[Data extracted from a collection]

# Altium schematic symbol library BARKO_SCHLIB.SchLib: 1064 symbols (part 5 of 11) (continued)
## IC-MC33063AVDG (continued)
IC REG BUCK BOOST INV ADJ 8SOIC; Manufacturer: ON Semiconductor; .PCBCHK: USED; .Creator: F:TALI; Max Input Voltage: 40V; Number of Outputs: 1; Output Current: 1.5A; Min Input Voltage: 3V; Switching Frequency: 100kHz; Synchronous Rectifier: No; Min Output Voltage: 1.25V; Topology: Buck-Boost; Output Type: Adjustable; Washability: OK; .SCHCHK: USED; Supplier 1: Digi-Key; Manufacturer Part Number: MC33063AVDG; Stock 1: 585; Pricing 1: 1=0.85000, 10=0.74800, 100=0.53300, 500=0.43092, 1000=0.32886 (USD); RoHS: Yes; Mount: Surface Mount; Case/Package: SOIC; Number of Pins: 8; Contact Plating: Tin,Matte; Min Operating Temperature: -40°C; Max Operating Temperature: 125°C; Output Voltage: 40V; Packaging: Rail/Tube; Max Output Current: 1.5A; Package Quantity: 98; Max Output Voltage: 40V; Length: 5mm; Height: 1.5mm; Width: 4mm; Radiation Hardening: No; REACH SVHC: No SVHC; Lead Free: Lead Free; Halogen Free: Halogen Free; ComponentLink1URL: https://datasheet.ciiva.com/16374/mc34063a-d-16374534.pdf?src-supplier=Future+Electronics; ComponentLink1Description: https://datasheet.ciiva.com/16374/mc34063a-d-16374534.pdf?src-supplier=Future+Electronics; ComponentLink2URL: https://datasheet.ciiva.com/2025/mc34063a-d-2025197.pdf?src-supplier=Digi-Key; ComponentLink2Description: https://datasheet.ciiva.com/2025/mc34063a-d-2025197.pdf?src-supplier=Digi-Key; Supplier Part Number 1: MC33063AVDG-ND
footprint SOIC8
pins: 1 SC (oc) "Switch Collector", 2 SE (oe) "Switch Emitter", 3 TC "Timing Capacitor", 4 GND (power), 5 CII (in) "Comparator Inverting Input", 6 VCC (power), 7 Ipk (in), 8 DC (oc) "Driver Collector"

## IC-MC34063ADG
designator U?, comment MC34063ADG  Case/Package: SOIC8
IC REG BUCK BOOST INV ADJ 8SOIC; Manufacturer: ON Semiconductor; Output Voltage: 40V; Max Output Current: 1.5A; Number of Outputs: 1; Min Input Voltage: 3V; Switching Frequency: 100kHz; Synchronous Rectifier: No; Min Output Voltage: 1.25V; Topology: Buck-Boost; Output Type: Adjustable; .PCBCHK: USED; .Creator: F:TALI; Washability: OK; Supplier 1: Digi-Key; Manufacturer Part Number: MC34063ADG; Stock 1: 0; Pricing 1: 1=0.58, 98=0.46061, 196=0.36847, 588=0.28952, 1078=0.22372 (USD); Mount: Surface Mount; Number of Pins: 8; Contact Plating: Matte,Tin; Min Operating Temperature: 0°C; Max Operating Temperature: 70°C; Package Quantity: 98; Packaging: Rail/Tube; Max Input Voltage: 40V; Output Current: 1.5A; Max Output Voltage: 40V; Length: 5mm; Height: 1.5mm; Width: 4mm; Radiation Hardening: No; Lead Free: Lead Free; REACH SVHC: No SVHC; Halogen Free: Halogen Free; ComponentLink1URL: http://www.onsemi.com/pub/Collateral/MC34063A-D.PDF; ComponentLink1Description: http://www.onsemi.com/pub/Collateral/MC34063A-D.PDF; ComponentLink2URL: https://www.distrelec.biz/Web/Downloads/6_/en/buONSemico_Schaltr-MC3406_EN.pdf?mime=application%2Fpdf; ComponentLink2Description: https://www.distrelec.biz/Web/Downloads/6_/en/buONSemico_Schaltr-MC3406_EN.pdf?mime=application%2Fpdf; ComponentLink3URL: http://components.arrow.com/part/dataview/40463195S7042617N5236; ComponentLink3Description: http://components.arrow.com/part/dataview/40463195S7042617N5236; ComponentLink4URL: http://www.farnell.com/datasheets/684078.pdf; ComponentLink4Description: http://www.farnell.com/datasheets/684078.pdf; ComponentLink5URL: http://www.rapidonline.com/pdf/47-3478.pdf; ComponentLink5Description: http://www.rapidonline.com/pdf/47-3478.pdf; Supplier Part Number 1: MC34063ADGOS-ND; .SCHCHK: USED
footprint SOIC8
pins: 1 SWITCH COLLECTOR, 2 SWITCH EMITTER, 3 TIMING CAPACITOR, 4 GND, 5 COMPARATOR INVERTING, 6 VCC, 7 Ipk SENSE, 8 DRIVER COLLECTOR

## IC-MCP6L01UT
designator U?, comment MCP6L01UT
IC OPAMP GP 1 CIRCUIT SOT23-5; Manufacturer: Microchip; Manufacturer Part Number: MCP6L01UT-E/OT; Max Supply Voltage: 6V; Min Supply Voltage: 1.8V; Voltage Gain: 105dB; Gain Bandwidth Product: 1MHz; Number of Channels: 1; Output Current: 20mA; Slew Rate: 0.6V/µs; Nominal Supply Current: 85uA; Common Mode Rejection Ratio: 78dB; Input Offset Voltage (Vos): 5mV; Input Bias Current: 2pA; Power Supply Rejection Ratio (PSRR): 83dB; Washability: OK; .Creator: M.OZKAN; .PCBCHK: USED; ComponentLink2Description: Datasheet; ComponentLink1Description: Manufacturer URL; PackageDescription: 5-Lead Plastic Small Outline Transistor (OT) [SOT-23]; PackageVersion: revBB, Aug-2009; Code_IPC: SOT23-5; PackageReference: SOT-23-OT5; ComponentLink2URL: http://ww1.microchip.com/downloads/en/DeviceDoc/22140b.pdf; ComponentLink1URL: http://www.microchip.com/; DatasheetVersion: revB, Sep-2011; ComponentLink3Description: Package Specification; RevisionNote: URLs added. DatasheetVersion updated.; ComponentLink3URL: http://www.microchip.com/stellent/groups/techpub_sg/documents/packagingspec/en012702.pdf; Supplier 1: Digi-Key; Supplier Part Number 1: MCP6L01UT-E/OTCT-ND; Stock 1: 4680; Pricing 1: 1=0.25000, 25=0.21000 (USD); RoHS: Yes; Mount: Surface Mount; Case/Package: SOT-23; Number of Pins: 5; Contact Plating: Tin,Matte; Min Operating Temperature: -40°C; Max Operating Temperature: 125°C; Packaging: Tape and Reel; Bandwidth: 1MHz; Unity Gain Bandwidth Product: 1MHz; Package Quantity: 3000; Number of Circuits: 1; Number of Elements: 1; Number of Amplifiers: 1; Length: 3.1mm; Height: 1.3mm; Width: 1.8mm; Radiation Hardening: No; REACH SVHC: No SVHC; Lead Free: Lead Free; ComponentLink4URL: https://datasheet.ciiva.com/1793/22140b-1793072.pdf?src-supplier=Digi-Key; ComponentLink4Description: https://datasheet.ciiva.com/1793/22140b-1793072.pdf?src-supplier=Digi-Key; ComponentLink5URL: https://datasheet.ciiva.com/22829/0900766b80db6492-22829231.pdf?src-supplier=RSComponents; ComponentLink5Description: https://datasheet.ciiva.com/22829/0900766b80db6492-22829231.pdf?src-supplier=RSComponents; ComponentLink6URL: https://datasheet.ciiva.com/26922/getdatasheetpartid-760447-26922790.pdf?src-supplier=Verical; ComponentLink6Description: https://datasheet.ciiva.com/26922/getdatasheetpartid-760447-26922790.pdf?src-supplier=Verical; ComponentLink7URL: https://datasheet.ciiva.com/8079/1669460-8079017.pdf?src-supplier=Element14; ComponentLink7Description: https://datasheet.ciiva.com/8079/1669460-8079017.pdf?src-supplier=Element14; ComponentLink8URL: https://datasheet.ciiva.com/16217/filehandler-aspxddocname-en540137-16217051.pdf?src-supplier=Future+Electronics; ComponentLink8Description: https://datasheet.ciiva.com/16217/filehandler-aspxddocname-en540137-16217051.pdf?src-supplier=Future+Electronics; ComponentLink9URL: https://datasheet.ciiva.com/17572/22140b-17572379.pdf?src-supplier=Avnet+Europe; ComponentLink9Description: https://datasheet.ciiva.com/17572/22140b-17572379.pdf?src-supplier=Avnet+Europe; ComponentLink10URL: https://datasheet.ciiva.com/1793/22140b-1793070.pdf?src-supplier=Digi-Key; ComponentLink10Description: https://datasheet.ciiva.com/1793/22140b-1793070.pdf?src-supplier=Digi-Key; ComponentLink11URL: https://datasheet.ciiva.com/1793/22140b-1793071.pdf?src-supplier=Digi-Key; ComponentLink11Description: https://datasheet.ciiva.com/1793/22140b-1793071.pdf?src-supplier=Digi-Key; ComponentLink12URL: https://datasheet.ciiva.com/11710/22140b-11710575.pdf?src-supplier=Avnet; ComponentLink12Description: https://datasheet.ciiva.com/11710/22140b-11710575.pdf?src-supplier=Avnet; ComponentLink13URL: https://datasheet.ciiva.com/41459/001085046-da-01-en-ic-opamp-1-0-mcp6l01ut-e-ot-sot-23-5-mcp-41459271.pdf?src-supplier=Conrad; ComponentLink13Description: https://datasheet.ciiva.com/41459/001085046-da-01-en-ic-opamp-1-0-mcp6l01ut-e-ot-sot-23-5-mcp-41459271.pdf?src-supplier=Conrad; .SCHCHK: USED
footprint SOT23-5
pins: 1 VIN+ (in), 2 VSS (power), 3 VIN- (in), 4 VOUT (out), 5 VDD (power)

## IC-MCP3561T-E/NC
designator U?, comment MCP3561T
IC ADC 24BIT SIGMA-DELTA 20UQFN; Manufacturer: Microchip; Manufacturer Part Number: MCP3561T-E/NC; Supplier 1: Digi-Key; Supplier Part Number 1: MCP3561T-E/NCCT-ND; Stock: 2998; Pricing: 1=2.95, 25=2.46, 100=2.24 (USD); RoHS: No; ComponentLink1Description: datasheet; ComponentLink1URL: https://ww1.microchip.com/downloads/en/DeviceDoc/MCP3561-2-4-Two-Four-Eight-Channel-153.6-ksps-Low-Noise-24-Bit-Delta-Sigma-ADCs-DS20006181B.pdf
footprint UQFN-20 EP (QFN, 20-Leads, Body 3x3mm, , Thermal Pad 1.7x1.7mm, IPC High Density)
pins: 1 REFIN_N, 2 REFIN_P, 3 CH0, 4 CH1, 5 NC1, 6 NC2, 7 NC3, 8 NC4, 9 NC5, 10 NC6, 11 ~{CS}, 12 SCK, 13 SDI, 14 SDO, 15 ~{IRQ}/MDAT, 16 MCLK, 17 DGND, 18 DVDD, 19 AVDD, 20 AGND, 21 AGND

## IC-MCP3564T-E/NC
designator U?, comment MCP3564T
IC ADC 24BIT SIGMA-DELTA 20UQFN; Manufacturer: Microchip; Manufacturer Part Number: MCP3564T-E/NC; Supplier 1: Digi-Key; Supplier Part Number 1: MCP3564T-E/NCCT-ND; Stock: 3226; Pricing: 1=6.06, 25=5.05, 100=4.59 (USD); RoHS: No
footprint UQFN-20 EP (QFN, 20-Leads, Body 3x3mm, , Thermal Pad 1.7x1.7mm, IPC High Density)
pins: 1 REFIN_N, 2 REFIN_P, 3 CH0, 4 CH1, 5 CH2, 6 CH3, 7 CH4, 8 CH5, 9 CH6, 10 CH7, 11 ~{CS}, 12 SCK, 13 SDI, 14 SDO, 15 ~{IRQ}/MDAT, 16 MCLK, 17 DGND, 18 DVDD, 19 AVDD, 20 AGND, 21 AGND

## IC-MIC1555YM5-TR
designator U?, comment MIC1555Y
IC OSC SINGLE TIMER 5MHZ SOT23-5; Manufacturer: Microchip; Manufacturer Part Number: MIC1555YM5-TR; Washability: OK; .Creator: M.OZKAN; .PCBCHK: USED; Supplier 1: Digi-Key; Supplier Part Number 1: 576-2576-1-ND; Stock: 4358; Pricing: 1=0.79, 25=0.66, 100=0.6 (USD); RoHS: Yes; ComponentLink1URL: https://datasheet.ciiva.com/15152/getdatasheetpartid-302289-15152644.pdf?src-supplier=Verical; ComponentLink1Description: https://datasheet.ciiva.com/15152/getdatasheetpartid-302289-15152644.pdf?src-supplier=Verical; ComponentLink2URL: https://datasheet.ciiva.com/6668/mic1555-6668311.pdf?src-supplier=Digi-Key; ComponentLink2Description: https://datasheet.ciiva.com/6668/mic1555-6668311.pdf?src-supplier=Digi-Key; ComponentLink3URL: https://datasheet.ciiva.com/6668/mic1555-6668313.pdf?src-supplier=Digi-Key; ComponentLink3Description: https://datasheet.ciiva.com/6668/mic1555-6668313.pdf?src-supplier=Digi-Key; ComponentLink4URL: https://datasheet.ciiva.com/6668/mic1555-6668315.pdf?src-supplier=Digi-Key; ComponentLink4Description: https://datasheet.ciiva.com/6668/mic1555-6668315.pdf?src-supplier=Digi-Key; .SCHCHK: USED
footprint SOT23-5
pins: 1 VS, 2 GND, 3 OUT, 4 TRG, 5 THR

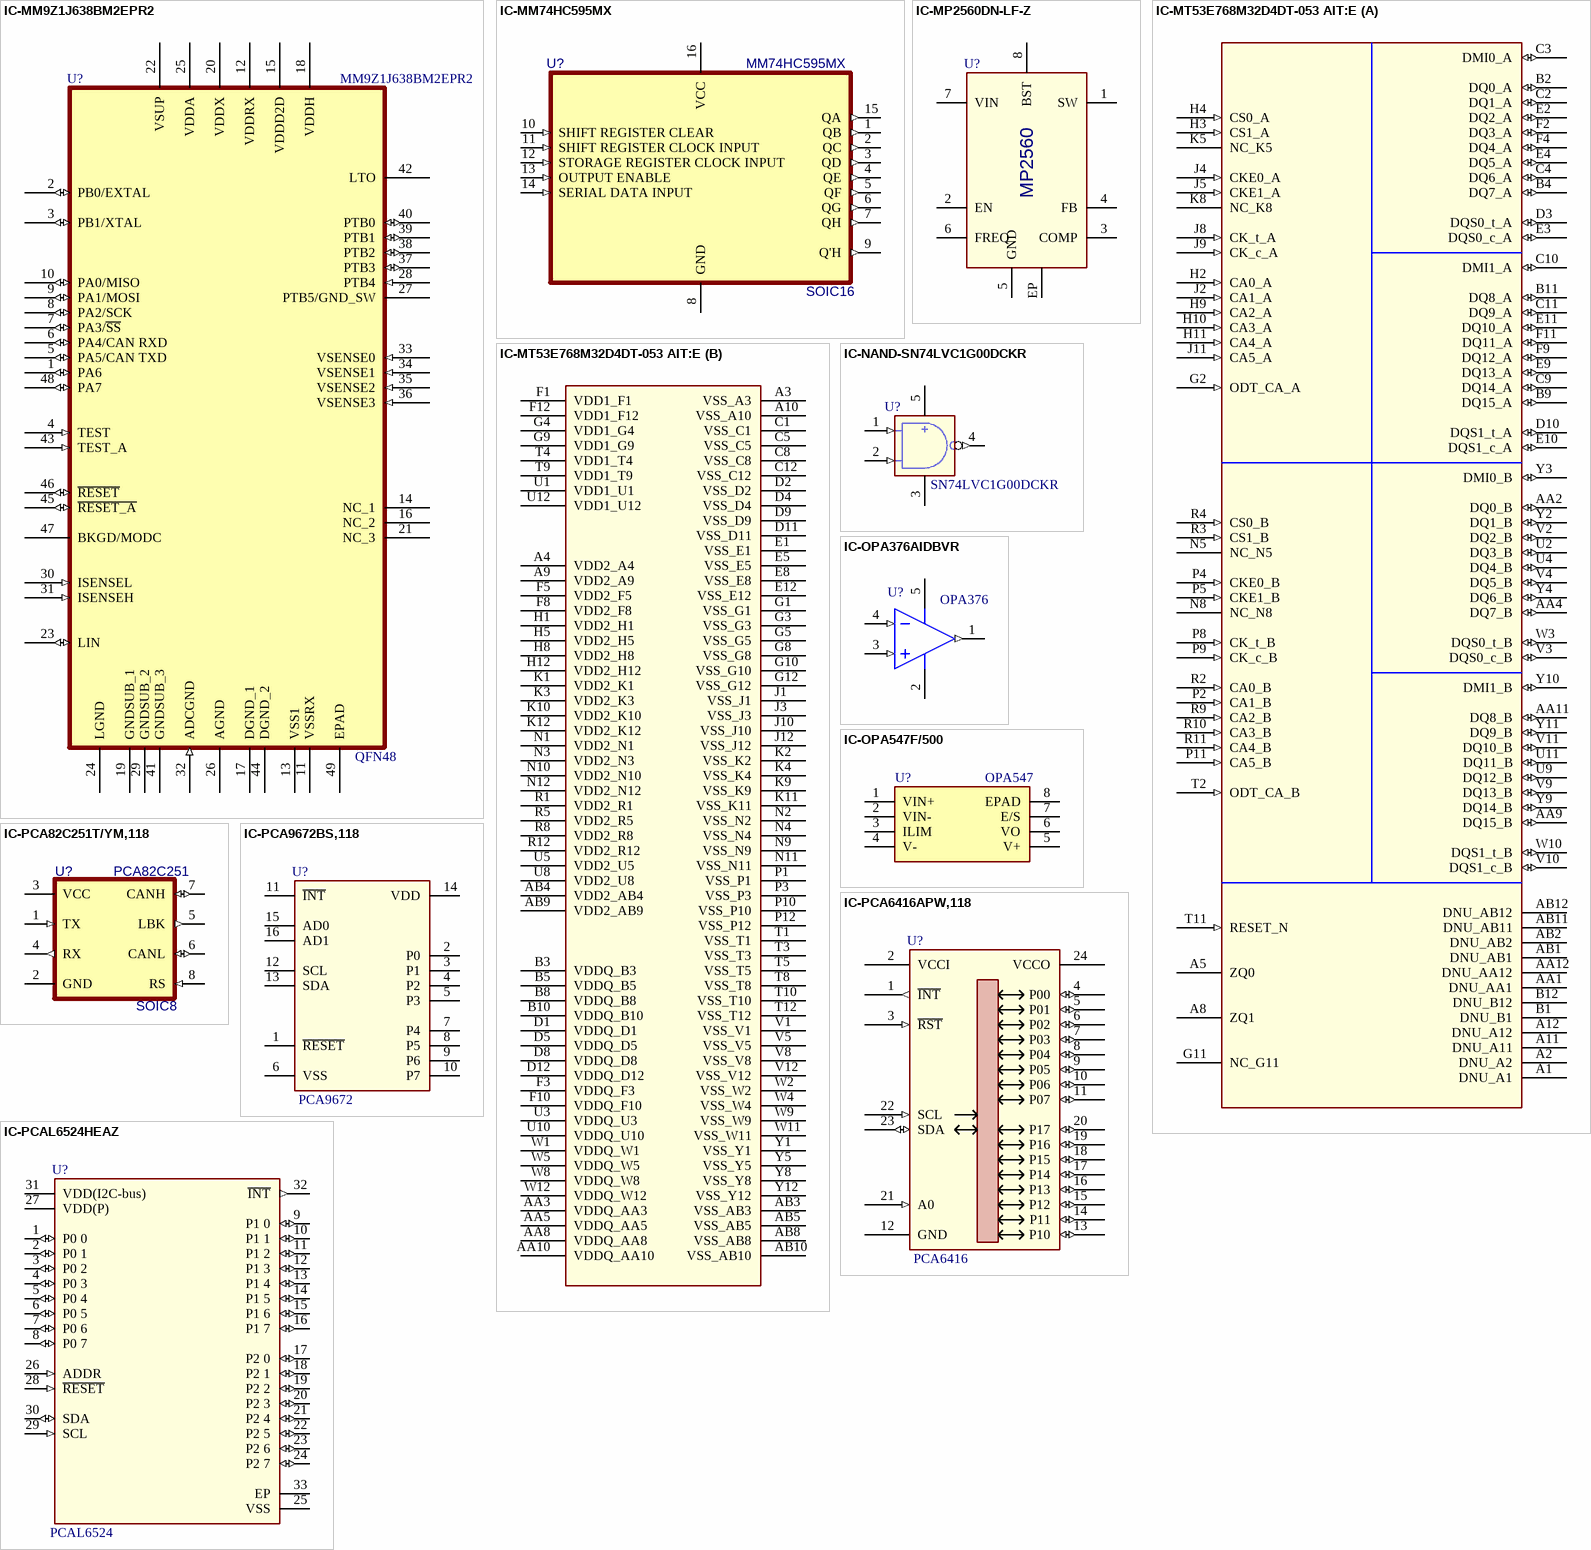
[diagram p16: symbols IC-MM9Z1J638BM2EPR2 to IC-PCAL6524HEAZ]

## IC-MM9Z1J638BM2EPR2
designator U?, comment MM9Z1J638BM2EPR2  Case/Package: QFN48
Battery Sensor Lead-Acid 30mA 2.5V 48-Pin QFN EP T/R; Manufacturer: NXP Freescale; Interface: CAN; Operating Supply Voltage: 28V; .Creator: F:TALI; .PCBCHK: USED; Washability: OK; Supplier 1: Digi-Key; Manufacturer Part Number: MM9Z1J638BM2EPR2; Stock 1: 0; Pricing 1: 2000=5.4538 (USD); Mount: Surface Mount; Number of Pins: 48; Min Operating Temperature: -40°C; Max Operating Temperature: 125°C; Output Current: 30mA; Output Voltage: 2.5V; Packaging: Tape and Reel; Radiation Hardening: No; ComponentLink1URL: http://www.freescale.com/files/analog/doc/data_sheet/MM9Z1_638D1.pdf; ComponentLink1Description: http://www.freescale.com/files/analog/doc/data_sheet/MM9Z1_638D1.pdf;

Your task: Every line with "symbols" in it should be copied from the entries above.

Exercise result:
# Altium schematic symbol library BARKO_SCHLIB.SchLib: 1064 symbols (part 5 of 11) (continued)
[diagram p16: symbols IC-MM9Z1J638BM2EPR2 to IC-PCAL6524HEAZ]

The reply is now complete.